**Data extracts:**
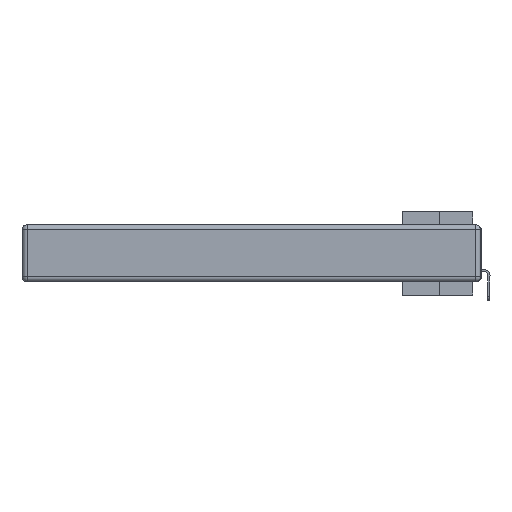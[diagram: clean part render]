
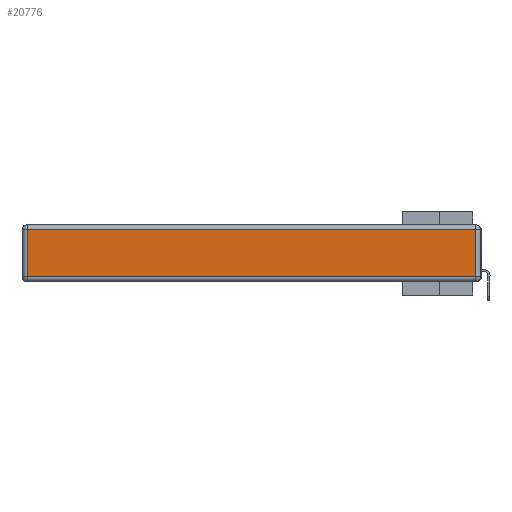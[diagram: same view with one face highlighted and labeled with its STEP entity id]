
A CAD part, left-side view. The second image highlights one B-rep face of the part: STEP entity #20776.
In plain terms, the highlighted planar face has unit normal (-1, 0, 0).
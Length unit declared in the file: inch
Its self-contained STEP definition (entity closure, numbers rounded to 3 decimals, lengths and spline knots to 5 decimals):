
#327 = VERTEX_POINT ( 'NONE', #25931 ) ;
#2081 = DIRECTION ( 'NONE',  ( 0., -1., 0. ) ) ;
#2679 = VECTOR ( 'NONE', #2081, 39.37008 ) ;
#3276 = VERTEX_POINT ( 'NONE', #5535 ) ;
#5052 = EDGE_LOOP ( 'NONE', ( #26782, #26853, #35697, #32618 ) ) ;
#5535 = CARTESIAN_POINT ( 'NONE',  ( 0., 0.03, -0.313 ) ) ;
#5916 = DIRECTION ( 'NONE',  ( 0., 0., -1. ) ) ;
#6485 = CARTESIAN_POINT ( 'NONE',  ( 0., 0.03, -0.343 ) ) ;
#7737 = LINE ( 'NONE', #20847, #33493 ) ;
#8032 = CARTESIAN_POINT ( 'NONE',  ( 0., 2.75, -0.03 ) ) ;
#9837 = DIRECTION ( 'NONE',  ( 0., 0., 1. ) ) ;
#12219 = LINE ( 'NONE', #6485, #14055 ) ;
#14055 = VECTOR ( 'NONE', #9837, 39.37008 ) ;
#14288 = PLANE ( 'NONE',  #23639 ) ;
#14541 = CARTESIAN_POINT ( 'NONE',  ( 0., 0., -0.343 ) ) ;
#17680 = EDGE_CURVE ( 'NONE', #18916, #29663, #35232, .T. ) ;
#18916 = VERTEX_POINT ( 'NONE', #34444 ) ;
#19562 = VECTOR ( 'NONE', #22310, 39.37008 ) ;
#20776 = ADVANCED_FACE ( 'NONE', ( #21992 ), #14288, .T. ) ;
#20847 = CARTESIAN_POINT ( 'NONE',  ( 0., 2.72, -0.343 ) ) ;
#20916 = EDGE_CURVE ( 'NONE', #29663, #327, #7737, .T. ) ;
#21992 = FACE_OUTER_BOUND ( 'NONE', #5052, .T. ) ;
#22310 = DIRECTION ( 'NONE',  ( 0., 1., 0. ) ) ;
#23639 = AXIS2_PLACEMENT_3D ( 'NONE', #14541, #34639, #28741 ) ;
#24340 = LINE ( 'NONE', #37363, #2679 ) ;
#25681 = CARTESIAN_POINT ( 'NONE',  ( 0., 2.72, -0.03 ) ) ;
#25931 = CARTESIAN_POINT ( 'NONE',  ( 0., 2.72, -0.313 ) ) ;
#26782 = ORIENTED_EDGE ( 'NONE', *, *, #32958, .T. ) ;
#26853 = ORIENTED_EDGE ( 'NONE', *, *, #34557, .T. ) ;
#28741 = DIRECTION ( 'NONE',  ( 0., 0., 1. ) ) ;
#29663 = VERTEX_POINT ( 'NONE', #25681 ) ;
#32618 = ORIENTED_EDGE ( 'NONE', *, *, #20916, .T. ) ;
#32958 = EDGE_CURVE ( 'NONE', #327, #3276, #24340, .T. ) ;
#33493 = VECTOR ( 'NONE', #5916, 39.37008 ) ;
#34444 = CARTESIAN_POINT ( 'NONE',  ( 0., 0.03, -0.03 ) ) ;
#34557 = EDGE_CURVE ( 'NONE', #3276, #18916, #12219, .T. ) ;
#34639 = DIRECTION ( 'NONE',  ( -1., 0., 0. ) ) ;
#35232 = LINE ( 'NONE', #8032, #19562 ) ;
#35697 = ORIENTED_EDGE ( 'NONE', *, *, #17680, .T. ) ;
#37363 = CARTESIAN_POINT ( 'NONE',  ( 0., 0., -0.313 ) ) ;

**Task item:**
The required output is the stretch of entries above from the line containing "#14541 = CARTESIAN_POINT" through the line containing "#33493 = VECTOR ( 'NONE', #5916, 39.37008 ) ;", reproduced exactly.

**Answer to the exercise:**
#14541 = CARTESIAN_POINT ( 'NONE',  ( 0., 0., -0.343 ) ) ;
#17680 = EDGE_CURVE ( 'NONE', #18916, #29663, #35232, .T. ) ;
#18916 = VERTEX_POINT ( 'NONE', #34444 ) ;
#19562 = VECTOR ( 'NONE', #22310, 39.37008 ) ;
#20776 = ADVANCED_FACE ( 'NONE', ( #21992 ), #14288, .T. ) ;
#20847 = CARTESIAN_POINT ( 'NONE',  ( 0., 2.72, -0.343 ) ) ;
#20916 = EDGE_CURVE ( 'NONE', #29663, #327, #7737, .T. ) ;
#21992 = FACE_OUTER_BOUND ( 'NONE', #5052, .T. ) ;
#22310 = DIRECTION ( 'NONE',  ( 0., 1., 0. ) ) ;
#23639 = AXIS2_PLACEMENT_3D ( 'NONE', #14541, #34639, #28741 ) ;
#24340 = LINE ( 'NONE', #37363, #2679 ) ;
#25681 = CARTESIAN_POINT ( 'NONE',  ( 0., 2.72, -0.03 ) ) ;
#25931 = CARTESIAN_POINT ( 'NONE',  ( 0., 2.72, -0.313 ) ) ;
#26782 = ORIENTED_EDGE ( 'NONE', *, *, #32958, .T. ) ;
#26853 = ORIENTED_EDGE ( 'NONE', *, *, #34557, .T. ) ;
#28741 = DIRECTION ( 'NONE',  ( 0., 0., 1. ) ) ;
#29663 = VERTEX_POINT ( 'NONE', #25681 ) ;
#32618 = ORIENTED_EDGE ( 'NONE', *, *, #20916, .T. ) ;
#32958 = EDGE_CURVE ( 'NONE', #327, #3276, #24340, .T. ) ;
#33493 = VECTOR ( 'NONE', #5916, 39.37008 ) ;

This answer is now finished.